EXERCISE AIM:
Go through the records and show each line where the word "sides" occurs.

━━ GIVEN RECORDS ━━

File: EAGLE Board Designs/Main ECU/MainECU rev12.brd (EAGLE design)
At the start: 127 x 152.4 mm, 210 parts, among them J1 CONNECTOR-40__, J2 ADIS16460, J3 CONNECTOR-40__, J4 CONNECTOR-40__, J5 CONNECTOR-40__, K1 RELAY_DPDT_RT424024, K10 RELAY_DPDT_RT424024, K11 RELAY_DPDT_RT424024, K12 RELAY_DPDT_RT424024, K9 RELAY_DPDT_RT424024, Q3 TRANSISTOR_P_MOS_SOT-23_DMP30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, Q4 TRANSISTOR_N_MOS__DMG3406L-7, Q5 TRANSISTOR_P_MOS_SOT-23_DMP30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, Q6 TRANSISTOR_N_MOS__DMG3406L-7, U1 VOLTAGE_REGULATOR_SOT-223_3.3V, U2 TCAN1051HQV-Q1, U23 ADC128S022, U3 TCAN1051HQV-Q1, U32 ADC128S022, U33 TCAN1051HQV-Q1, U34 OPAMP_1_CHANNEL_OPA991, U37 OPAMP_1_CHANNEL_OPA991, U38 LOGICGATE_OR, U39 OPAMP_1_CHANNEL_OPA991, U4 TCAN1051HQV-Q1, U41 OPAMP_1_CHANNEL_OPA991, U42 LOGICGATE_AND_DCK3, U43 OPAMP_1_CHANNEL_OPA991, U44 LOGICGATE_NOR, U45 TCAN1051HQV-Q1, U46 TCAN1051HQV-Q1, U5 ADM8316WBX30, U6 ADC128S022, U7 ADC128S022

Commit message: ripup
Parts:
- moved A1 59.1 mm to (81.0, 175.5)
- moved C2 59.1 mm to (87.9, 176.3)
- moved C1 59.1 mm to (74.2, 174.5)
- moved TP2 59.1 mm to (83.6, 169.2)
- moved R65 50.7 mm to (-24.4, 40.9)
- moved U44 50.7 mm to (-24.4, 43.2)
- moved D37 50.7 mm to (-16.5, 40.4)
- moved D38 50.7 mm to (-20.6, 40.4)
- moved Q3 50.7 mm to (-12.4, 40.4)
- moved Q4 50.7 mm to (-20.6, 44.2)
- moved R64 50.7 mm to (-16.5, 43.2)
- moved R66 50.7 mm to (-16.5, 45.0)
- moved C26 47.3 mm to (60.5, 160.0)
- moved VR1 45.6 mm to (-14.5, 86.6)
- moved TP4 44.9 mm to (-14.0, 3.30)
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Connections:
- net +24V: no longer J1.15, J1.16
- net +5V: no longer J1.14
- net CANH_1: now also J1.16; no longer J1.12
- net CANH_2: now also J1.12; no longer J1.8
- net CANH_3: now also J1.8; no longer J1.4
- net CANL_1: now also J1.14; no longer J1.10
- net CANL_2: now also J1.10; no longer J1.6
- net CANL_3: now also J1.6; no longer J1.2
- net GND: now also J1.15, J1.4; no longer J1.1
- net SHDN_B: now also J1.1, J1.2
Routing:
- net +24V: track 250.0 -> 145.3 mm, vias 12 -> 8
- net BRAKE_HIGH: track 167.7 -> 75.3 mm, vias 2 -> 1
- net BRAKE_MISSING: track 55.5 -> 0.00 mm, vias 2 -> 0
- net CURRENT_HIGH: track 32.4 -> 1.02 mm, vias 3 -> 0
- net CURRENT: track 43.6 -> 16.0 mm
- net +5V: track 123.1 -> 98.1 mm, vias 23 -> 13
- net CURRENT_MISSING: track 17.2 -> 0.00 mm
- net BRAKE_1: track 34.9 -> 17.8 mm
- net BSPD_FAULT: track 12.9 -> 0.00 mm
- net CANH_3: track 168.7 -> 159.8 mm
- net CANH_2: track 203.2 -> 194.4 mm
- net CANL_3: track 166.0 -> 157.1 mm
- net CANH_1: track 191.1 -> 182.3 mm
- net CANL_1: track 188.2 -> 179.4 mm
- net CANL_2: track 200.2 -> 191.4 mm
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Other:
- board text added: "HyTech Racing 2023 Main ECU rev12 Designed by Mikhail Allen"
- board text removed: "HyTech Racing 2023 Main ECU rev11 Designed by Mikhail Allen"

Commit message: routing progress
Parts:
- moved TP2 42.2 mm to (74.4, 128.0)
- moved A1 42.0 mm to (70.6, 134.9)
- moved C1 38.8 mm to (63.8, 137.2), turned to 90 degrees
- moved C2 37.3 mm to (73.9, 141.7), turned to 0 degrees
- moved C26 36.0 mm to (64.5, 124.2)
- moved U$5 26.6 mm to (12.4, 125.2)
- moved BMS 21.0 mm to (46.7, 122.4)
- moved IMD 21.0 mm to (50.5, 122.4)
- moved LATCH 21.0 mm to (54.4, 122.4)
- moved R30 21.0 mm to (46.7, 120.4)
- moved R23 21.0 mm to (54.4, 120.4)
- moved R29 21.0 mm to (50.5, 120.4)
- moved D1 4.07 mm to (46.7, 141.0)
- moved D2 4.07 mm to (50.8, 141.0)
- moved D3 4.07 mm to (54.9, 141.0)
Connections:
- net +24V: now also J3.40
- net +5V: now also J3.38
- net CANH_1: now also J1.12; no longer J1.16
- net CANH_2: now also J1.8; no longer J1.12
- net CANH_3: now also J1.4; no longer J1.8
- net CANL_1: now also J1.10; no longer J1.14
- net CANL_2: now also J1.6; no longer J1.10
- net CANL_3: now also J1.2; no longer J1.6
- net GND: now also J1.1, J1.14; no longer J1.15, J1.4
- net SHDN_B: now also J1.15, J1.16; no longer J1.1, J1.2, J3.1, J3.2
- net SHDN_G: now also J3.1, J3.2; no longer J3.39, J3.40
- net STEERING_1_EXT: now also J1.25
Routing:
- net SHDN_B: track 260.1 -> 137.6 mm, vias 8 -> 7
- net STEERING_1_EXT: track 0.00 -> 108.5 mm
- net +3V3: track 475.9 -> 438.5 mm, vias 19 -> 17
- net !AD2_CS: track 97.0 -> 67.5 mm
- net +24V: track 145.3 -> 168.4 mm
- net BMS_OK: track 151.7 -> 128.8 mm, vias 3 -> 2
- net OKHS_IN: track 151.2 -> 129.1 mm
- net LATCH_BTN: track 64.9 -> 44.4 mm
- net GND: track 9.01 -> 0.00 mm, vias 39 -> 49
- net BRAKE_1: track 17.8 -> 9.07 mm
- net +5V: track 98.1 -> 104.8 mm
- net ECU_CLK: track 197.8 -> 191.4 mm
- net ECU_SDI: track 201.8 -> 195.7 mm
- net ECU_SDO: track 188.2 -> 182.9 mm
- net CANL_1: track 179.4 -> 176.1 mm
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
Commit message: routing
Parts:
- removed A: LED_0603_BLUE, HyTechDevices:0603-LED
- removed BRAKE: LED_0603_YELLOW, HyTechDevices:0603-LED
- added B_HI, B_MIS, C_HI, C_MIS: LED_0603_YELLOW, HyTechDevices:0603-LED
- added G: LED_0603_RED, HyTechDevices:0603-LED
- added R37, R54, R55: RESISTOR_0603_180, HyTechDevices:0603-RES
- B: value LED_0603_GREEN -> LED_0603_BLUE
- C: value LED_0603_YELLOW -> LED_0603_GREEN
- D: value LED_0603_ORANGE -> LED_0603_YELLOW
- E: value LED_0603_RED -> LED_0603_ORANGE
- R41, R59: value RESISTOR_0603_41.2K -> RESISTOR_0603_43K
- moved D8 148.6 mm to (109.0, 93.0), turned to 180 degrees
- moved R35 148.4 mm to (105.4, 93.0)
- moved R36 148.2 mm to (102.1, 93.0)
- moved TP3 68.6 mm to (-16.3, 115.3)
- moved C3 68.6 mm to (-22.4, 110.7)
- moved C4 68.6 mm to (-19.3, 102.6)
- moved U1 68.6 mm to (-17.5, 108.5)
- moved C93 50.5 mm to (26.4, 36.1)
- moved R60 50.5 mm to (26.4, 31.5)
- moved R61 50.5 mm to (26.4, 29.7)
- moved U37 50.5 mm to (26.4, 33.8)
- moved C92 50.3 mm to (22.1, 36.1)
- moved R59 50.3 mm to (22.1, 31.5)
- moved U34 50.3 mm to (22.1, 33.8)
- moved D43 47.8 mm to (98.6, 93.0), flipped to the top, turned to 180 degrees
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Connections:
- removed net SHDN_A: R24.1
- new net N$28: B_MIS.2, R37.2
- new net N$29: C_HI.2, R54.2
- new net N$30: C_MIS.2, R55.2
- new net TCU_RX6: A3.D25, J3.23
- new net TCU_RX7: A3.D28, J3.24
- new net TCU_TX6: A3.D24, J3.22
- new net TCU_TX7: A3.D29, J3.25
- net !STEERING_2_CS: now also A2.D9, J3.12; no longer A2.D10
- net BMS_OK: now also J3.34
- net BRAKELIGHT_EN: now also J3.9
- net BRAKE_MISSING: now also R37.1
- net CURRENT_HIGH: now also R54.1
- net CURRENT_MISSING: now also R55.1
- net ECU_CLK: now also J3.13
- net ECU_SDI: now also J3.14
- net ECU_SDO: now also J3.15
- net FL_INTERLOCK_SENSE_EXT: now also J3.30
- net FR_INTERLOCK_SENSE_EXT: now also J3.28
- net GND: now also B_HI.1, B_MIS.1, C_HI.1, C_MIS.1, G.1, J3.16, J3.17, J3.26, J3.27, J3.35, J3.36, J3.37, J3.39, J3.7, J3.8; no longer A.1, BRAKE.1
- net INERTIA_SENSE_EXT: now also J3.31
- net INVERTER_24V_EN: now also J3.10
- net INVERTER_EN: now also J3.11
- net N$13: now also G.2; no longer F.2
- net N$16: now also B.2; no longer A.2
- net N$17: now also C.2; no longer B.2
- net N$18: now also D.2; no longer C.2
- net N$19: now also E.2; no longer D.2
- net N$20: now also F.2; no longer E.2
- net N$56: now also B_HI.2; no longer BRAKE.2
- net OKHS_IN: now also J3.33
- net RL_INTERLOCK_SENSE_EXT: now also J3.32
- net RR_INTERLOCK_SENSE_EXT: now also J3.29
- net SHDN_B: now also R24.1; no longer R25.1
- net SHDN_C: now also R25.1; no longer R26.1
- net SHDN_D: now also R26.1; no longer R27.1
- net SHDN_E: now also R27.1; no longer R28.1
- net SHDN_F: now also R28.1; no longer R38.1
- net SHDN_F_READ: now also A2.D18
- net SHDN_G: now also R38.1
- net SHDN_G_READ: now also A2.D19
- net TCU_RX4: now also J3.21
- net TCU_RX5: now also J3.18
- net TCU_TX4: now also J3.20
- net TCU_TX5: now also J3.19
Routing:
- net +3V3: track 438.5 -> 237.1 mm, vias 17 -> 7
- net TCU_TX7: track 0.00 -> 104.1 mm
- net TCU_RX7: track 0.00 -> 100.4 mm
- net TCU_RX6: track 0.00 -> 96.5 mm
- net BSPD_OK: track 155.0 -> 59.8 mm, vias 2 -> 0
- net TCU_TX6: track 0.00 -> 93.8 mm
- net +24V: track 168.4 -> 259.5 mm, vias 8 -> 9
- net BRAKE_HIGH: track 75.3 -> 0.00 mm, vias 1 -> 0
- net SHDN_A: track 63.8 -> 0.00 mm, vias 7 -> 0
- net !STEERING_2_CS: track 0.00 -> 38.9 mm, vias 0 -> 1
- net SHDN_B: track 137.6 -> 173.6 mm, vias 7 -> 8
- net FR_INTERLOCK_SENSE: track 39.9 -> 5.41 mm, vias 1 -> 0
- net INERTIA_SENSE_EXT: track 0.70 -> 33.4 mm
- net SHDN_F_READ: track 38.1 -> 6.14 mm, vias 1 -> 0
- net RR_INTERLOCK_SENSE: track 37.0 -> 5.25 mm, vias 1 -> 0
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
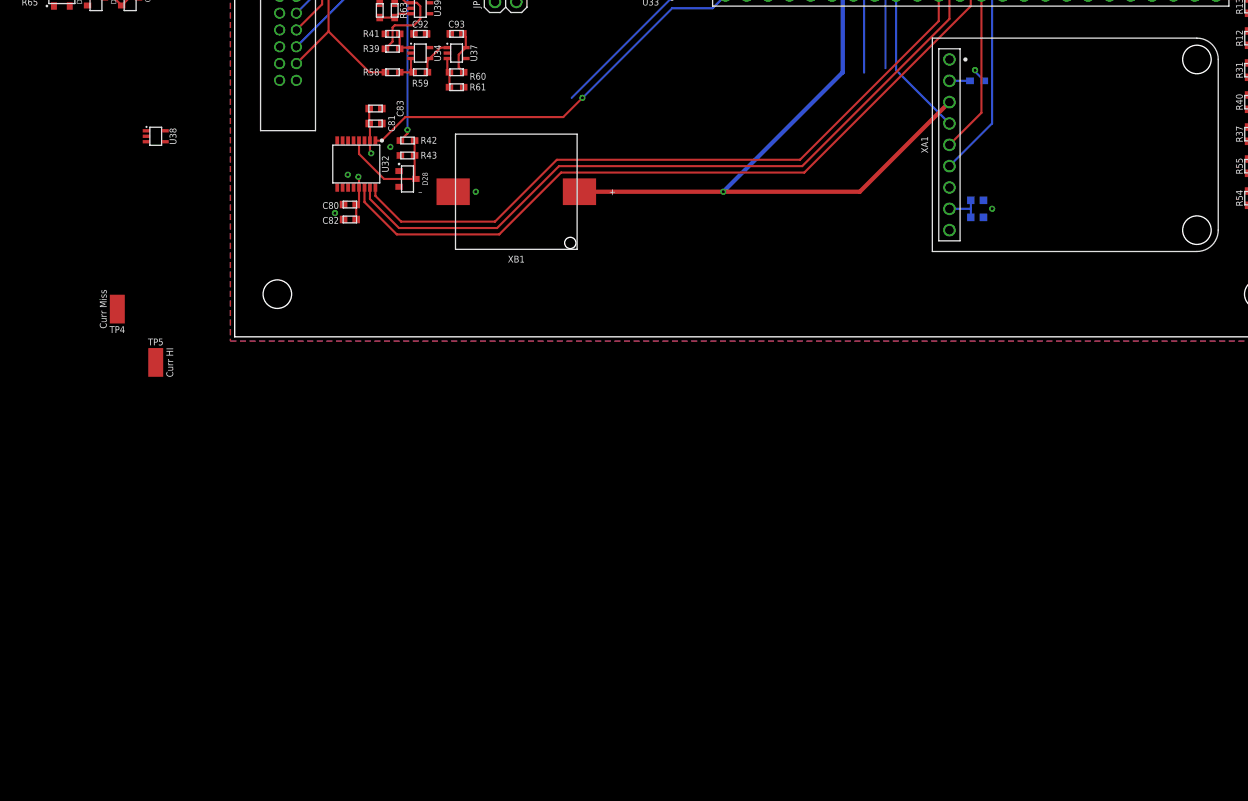
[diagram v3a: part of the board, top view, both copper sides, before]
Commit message: added nrf/esp board to schematic
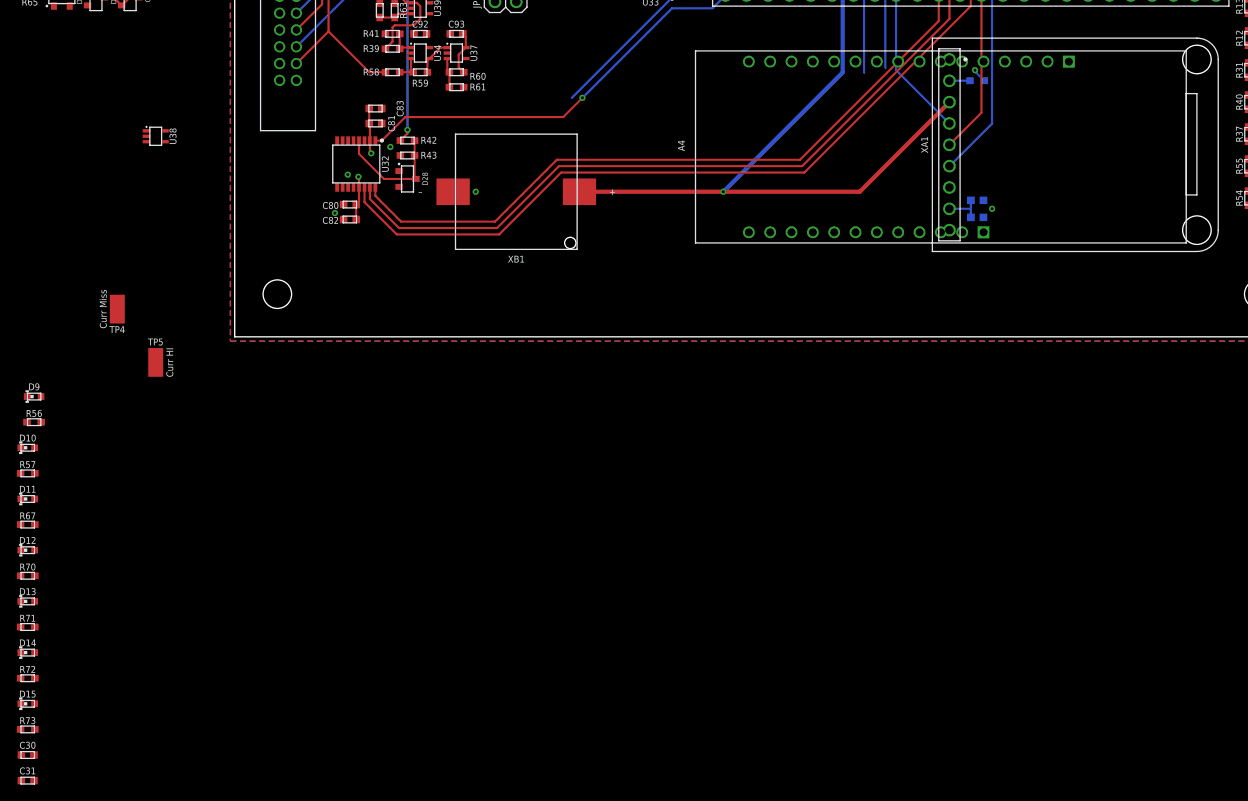
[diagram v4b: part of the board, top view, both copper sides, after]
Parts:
- added A4: NRF9160LTE, HyTechDevices:NRF9160LTE
- added C30: CAPACITOR_0603_10V_0.1UF, HyTechDevices:0603-CAP
- added C31: CAPACITOR_0603_10V_1UF, HyTechDevices:0603-CAP
- added D10, D11, D12, D13, D14, D15, D9: LED_0603_RED, HyTechDevices:0603-LED
- added R56, R57, R67, R70, R71, R72, R73: RESISTOR_0603_2K, HyTechDevices:0603-RES
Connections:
- removed net XBDI: A3.D8
- removed net XBDO: A3.D7
- new net ESP_OK: A4.7, R57.1
- new net ESP_OTHER_1: A4.6
- new net ESP_OTHER_2: A4.8
- new net ESP_RX: A3.D35, A4.TX
- new net ESP_TX: A3.D34, A4.RX
- new net GPS_OK: A4.4, R71.1
- new net GPS_RTK_OK: A4.5, R72.1
- new net N$31: D9.2, R56.2
- new net N$32: D10.2, R57.2
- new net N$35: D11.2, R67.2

━━━

ANSWER TO THIS TASK:
[diagram v3a: part of the board, top view, both copper sides, before]
[diagram v4b: part of the board, top view, both copper sides, after]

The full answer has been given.